Women are having mixed fortunes in the new electoral and constitutional arrangements in Arab Spring countries.

The best news comes from Tunisia, where elections are due to be held in Ocober. Political parties will be required to field equal numbers of men and women on their lists, and to ‘zip’ them, that is, to alternate them so that women have an equal chance of election. Currently 28% of Tunisian MPs are women, but If the new measures are successful, Tunisia could be catapulted into the top three worldwide, overtaking Sweden and finding itself behind  Rwanda and Andorra.

Elsewhere things are not so good. New electoral laws in Morocco reserve ‘at least 30’ of the new parliament’s 326 seats for women, and if the quota is achieved a minimum of 9.2% of Moroccan MPs will be female. This is only good news in that the new laws convert what has since 2002 been a non-binding agreement between the political parties into law. Currently 10% (i.e. 34) of Moroccan parliamentarians are female which means that the elections due in November this year could actually see a small reduction, and are unlikely to produce any real increase.

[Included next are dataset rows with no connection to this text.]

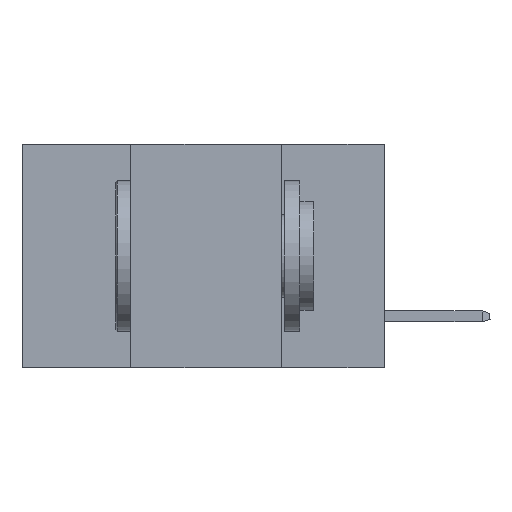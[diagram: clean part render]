
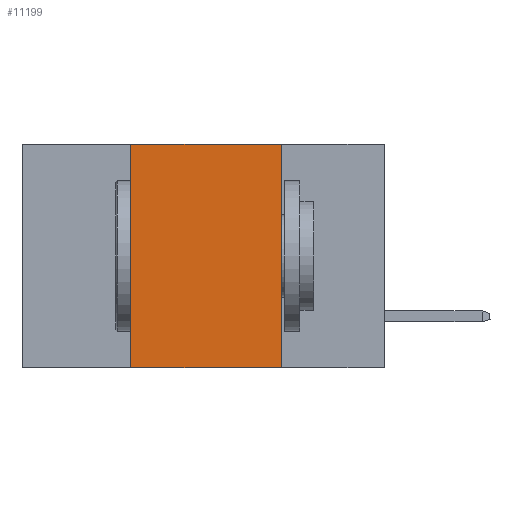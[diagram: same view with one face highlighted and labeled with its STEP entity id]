
A CAD part, left-side view. The second image highlights one B-rep face of the part: STEP entity #11199.
In plain terms, the highlighted planar face has unit normal (-1, 0, 0).
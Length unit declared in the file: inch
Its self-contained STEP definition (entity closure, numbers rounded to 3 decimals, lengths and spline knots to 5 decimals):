
#302 = ORIENTED_EDGE ( 'NONE', *, *, #27986, .T. ) ;
#365 = VECTOR ( 'NONE', #15553, 39.37008 ) ;
#1349 = VECTOR ( 'NONE', #24045, 39.37008 ) ;
#2371 = VECTOR ( 'NONE', #18387, 39.37008 ) ;
#2621 = EDGE_CURVE ( 'NONE', #9333, #21607, #12447, .T. ) ;
#4349 = VERTEX_POINT ( 'NONE', #17603 ) ;
#4455 = LINE ( 'NONE', #25958, #2371 ) ;
#4484 = DIRECTION ( 'NONE',  ( 0., 0., -1. ) ) ;
#5868 = LINE ( 'NONE', #26226, #12380 ) ;
#6188 = EDGE_CURVE ( 'NONE', #21607, #10348, #4455, .T. ) ;
#6296 = CARTESIAN_POINT ( 'NONE',  ( 0., 0.17, -0.37 ) ) ;
#9333 = VERTEX_POINT ( 'NONE', #13901 ) ;
#10348 = VERTEX_POINT ( 'NONE', #6296 ) ;
#10639 = EDGE_LOOP ( 'NONE', ( #12241, #26668, #20374, #302 ) ) ;
#11199 = ADVANCED_FACE ( 'NONE', ( #11350 ), #17541, .F. ) ;
#11350 = FACE_OUTER_BOUND ( 'NONE', #10639, .T. ) ;
#12241 = ORIENTED_EDGE ( 'NONE', *, *, #6188, .F. ) ;
#12380 = VECTOR ( 'NONE', #19730, 39.37008 ) ;
#12447 = LINE ( 'NONE', #17484, #365 ) ;
#13901 = CARTESIAN_POINT ( 'NONE',  ( 0., 0.42, 0. ) ) ;
#15243 = DIRECTION ( 'NONE',  ( 1., 0., 0. ) ) ;
#15553 = DIRECTION ( 'NONE',  ( 0., -1., 0. ) ) ;
#15573 = EDGE_CURVE ( 'NONE', #4349, #9333, #5868, .T. ) ;
#17184 = LINE ( 'NONE', #26157, #1349 ) ;
#17484 = CARTESIAN_POINT ( 'NONE',  ( 0., 0.6, 0. ) ) ;
#17541 = PLANE ( 'NONE',  #20786 ) ;
#17603 = CARTESIAN_POINT ( 'NONE',  ( 0., 0.42, -0.37 ) ) ;
#18387 = DIRECTION ( 'NONE',  ( 0., 0., -1. ) ) ;
#18885 = CARTESIAN_POINT ( 'NONE',  ( 0., 0.17, 0. ) ) ;
#19629 = CARTESIAN_POINT ( 'NONE',  ( 0., 0.6, 0. ) ) ;
#19730 = DIRECTION ( 'NONE',  ( 0., 0., 1. ) ) ;
#20374 = ORIENTED_EDGE ( 'NONE', *, *, #15573, .F. ) ;
#20786 = AXIS2_PLACEMENT_3D ( 'NONE', #19629, #15243, #4484 ) ;
#21607 = VERTEX_POINT ( 'NONE', #18885 ) ;
#24045 = DIRECTION ( 'NONE',  ( 0., -1., 0. ) ) ;
#25958 = CARTESIAN_POINT ( 'NONE',  ( 0., 0.17, 0. ) ) ;
#26157 = CARTESIAN_POINT ( 'NONE',  ( 0., 0.6, -0.37 ) ) ;
#26226 = CARTESIAN_POINT ( 'NONE',  ( 0., 0.42, 0. ) ) ;
#26668 = ORIENTED_EDGE ( 'NONE', *, *, #2621, .F. ) ;
#27986 = EDGE_CURVE ( 'NONE', #4349, #10348, #17184, .T. ) ;

In Egypt, women were excluded from the Constitutional Commission altogether, and the constitutional arrangements which emerged from it contain no mention of equality or women’s rights. Moreover, the new electoral laws have abolished the quota for women (12%) and replaced it with a requirement that each party’s list must contain at least one woman, though it does not specify how far up the list that woman must be. There are currently 65 women in the Egyptian parliament; it is not impossible that after the elections (also in Novermber) the level will be down to single figures.

It remains to be seen what happens in Libya, where so far there have been very few visible women in leading roles in the uprising. However, it seems that there are three women members of the National Transitional Council, one of whom, Salwa Fawzi El-Deghali, is responsible for legal affairs and women, and may also be responsible for overseeing the process of drawing up a new constitution.

CFWD will be monitoring how the elections in a number of Arab countries go during the autumn, and will be especially looking to see how women are affected.